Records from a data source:
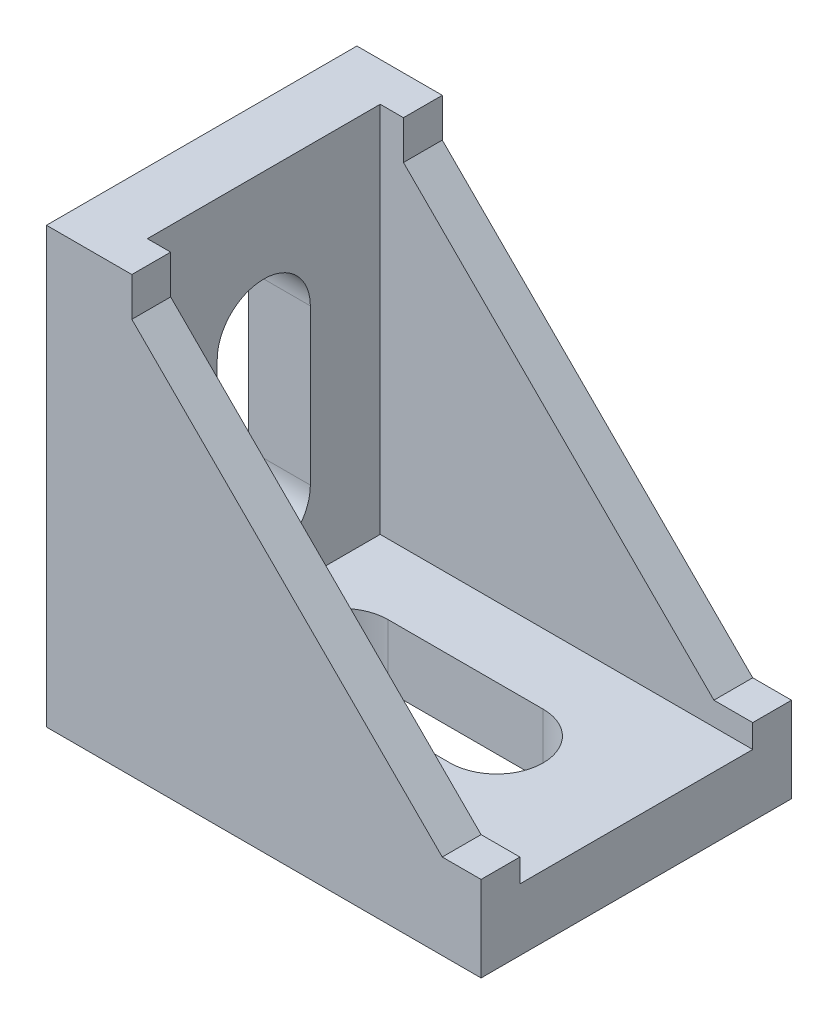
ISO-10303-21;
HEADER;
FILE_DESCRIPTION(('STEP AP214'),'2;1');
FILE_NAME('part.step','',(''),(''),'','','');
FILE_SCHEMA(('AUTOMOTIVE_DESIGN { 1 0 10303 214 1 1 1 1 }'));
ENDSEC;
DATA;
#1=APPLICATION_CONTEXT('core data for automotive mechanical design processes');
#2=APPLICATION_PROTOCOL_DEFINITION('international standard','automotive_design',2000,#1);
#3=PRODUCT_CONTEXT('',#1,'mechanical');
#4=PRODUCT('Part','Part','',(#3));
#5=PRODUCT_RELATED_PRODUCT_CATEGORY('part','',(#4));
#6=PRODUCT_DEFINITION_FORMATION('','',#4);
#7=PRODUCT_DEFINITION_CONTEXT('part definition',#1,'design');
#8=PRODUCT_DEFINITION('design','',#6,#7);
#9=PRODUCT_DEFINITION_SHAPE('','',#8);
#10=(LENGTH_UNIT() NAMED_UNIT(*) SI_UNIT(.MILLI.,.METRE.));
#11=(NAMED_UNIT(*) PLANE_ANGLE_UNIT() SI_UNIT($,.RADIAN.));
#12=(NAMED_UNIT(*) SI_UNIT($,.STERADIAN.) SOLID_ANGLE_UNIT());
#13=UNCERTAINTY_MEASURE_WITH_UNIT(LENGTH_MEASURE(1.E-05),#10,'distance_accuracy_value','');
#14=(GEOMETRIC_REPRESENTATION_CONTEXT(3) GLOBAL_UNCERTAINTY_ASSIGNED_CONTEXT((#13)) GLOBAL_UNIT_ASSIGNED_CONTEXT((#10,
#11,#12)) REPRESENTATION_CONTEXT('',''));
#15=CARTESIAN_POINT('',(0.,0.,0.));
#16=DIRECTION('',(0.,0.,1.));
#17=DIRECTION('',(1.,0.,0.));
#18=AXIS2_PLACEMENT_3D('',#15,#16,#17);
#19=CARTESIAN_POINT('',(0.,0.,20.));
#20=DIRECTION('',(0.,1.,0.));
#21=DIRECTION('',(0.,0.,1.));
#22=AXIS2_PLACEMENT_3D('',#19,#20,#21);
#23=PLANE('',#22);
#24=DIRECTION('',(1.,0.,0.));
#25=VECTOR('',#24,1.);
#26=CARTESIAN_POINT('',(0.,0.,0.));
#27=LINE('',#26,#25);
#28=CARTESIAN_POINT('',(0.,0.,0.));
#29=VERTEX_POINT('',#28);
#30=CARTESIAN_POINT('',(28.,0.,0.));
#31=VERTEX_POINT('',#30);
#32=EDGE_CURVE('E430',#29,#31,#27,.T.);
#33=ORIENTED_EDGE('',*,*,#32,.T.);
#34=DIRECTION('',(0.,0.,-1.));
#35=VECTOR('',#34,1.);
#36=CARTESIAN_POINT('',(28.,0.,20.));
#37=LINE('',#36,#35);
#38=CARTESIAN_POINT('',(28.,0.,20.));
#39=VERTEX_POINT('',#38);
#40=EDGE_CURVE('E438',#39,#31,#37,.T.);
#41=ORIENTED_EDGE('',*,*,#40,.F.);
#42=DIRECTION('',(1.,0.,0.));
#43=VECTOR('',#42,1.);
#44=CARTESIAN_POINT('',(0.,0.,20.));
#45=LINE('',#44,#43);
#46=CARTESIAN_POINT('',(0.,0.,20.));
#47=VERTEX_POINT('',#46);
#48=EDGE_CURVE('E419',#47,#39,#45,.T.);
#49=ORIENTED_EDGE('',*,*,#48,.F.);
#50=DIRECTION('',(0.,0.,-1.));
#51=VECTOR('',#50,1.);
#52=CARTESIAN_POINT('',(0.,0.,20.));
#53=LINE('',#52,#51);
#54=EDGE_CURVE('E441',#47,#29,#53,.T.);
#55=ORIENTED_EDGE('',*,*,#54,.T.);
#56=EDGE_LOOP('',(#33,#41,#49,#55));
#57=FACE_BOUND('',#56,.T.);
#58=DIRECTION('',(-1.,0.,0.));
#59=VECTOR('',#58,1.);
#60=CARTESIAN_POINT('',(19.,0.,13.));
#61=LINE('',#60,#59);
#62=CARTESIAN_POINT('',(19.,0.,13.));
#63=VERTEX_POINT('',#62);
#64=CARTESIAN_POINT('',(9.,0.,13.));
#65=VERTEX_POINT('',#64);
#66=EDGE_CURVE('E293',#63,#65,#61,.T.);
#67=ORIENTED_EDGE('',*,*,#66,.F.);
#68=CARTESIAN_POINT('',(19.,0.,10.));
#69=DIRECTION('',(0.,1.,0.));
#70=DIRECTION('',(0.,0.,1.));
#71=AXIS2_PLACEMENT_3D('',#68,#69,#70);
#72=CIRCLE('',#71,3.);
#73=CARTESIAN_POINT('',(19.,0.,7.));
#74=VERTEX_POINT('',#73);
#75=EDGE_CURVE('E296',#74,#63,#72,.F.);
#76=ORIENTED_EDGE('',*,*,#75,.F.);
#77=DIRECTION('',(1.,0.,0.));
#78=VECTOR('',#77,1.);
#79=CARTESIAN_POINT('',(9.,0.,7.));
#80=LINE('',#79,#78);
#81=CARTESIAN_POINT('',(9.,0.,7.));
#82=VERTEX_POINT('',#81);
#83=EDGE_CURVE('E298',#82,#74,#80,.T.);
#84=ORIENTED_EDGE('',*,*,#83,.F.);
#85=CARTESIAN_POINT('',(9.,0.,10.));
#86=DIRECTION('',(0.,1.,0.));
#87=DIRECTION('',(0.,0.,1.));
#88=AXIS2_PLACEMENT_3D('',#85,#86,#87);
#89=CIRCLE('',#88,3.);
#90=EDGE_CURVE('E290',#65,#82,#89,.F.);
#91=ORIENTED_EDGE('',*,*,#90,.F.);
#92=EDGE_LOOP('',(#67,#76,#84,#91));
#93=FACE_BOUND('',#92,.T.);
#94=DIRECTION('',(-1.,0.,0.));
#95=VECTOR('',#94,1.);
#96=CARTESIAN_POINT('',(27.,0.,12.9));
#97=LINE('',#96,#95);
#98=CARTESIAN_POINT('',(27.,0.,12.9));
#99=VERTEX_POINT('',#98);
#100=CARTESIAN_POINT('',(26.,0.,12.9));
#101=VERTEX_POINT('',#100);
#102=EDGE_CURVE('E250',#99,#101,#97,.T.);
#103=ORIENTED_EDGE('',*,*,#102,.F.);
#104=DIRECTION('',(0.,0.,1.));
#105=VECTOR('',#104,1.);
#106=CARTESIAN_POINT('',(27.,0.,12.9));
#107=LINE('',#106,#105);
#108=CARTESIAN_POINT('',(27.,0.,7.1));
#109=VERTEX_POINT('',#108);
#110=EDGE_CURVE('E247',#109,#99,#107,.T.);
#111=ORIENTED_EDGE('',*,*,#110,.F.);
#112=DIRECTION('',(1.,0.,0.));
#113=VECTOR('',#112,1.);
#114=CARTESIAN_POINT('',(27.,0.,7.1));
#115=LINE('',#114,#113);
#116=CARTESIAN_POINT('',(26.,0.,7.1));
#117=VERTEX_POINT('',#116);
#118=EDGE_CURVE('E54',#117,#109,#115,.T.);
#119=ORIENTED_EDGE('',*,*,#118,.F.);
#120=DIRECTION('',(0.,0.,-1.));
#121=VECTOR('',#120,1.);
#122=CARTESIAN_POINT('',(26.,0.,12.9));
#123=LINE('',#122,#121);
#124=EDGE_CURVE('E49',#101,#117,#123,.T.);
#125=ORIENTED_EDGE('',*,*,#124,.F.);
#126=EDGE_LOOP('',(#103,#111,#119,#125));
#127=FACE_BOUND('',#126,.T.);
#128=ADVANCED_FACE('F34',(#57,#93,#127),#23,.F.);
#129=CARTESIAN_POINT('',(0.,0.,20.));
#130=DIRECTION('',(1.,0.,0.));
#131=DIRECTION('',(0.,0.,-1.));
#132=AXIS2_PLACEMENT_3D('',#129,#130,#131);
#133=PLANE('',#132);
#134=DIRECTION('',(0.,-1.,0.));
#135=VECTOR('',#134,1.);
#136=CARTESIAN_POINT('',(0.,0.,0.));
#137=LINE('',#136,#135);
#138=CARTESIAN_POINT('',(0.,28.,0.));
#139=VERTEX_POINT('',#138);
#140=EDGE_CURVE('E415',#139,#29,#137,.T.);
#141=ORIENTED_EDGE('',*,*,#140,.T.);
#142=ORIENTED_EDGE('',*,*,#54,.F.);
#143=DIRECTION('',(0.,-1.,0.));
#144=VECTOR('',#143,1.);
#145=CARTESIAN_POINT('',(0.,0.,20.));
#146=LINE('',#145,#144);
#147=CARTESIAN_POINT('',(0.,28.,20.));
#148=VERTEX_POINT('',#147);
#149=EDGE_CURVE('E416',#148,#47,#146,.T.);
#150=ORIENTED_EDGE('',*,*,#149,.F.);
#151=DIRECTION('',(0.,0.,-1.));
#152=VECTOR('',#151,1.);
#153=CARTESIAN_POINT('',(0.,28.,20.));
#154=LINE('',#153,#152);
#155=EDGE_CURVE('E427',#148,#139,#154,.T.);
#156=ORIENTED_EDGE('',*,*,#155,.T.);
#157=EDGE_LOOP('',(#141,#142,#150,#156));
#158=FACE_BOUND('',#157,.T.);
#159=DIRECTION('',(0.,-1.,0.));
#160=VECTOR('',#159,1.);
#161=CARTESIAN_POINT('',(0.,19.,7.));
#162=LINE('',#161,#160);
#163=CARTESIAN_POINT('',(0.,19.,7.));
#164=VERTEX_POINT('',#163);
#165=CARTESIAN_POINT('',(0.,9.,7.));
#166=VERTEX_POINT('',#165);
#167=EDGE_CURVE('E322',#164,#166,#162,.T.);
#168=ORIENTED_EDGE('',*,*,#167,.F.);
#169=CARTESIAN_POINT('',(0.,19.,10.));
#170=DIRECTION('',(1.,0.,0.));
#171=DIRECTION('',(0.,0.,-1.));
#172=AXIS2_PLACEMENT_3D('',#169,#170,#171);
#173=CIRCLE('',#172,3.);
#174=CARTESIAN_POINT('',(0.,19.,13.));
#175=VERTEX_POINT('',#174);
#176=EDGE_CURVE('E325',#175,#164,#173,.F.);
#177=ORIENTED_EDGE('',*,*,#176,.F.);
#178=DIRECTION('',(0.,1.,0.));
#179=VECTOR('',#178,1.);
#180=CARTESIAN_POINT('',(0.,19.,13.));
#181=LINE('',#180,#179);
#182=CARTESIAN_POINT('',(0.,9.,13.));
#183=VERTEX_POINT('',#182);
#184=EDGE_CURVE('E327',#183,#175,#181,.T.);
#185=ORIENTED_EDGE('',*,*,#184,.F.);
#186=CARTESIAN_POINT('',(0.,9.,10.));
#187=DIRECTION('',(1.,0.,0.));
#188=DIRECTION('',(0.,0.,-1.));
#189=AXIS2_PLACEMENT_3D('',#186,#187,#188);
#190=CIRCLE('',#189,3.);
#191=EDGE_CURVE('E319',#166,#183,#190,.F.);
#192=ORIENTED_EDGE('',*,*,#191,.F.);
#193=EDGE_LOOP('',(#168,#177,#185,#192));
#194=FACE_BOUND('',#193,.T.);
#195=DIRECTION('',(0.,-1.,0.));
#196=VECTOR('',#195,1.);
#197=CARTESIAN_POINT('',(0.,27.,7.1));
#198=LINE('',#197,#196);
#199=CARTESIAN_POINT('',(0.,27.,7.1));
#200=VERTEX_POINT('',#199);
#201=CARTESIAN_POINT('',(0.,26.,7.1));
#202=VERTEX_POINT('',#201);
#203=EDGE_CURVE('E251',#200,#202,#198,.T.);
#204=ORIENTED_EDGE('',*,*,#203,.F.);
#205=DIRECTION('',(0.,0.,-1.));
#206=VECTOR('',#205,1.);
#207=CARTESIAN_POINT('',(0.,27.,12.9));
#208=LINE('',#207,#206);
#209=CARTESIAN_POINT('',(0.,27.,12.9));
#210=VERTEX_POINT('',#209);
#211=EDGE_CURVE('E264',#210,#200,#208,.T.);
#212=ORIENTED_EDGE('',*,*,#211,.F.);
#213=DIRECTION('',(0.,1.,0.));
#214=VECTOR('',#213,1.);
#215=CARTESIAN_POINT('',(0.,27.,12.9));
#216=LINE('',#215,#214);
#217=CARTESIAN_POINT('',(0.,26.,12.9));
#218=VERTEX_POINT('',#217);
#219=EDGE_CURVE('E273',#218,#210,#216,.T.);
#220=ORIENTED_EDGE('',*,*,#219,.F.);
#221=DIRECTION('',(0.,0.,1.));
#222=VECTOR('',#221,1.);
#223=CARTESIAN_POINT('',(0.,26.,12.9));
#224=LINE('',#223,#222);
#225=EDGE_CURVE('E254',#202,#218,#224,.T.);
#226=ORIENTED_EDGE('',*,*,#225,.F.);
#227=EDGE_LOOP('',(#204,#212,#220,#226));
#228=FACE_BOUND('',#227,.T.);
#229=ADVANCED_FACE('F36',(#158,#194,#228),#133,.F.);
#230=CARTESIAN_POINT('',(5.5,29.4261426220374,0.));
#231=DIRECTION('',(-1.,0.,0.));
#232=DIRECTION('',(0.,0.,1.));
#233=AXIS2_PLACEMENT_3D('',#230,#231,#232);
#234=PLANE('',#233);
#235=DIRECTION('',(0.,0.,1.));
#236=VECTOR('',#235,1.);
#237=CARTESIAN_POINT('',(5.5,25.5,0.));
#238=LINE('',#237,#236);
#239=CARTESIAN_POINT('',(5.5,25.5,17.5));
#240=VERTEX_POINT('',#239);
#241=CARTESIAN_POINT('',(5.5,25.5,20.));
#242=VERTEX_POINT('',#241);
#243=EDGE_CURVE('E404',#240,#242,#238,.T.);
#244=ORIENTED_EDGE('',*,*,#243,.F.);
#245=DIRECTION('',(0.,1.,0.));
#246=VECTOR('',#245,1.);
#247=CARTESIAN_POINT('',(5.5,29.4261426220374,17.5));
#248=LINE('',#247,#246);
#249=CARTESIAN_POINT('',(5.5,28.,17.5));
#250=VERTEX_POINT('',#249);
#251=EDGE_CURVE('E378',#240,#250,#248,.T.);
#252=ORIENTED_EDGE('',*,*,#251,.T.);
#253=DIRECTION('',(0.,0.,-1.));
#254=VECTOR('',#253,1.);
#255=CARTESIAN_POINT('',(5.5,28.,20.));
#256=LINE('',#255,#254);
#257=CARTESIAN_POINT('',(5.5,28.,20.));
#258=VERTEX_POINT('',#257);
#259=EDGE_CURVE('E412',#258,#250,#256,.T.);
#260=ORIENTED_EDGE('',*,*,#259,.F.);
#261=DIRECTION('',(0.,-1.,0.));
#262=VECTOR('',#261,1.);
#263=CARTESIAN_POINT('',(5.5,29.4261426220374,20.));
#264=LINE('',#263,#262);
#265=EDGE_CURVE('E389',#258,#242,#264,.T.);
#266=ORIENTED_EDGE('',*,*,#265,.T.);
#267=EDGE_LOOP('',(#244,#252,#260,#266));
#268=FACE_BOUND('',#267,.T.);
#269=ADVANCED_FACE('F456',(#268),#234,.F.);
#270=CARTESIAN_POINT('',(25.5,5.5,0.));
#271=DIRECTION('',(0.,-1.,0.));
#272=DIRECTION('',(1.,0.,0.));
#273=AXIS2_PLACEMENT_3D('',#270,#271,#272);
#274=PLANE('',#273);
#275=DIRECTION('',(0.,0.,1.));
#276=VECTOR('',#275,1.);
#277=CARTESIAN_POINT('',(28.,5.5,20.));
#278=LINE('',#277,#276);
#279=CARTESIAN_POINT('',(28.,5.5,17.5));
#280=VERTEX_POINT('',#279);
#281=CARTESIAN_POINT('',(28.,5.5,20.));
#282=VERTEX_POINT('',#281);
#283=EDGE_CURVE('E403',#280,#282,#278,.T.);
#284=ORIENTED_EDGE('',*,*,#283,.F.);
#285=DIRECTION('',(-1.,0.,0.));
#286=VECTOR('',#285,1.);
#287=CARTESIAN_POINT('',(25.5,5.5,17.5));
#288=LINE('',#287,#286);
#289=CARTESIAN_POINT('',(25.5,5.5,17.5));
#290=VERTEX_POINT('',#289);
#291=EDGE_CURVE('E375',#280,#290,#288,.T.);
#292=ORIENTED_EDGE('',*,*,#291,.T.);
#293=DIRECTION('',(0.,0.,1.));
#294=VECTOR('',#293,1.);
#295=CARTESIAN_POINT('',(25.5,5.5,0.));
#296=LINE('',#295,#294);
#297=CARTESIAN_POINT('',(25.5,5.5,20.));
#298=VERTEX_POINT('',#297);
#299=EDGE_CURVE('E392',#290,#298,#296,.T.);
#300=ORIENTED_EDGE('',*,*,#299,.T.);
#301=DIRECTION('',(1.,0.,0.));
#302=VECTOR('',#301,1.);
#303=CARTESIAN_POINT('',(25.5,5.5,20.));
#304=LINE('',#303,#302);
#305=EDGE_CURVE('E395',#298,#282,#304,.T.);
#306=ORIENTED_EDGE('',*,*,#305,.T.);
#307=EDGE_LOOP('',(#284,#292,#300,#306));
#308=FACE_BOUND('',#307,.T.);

PROBLEM TO WORK ON> Please give back, exactly as it stands above, the stretch from the line with "#244=ORIENTED_EDGE('',*,*,#243,.F.);" through the line with "#267=EDGE_LOOP('',(#244,#252,#260,#266));", and no line outside it.

ANSWER>
#244=ORIENTED_EDGE('',*,*,#243,.F.);
#245=DIRECTION('',(0.,1.,0.));
#246=VECTOR('',#245,1.);
#247=CARTESIAN_POINT('',(5.5,29.4261426220374,17.5));
#248=LINE('',#247,#246);
#249=CARTESIAN_POINT('',(5.5,28.,17.5));
#250=VERTEX_POINT('',#249);
#251=EDGE_CURVE('E378',#240,#250,#248,.T.);
#252=ORIENTED_EDGE('',*,*,#251,.T.);
#253=DIRECTION('',(0.,0.,-1.));
#254=VECTOR('',#253,1.);
#255=CARTESIAN_POINT('',(5.5,28.,20.));
#256=LINE('',#255,#254);
#257=CARTESIAN_POINT('',(5.5,28.,20.));
#258=VERTEX_POINT('',#257);
#259=EDGE_CURVE('E412',#258,#250,#256,.T.);
#260=ORIENTED_EDGE('',*,*,#259,.F.);
#261=DIRECTION('',(0.,-1.,0.));
#262=VECTOR('',#261,1.);
#263=CARTESIAN_POINT('',(5.5,29.4261426220374,20.));
#264=LINE('',#263,#262);
#265=EDGE_CURVE('E389',#258,#242,#264,.T.);
#266=ORIENTED_EDGE('',*,*,#265,.T.);
#267=EDGE_LOOP('',(#244,#252,#260,#266));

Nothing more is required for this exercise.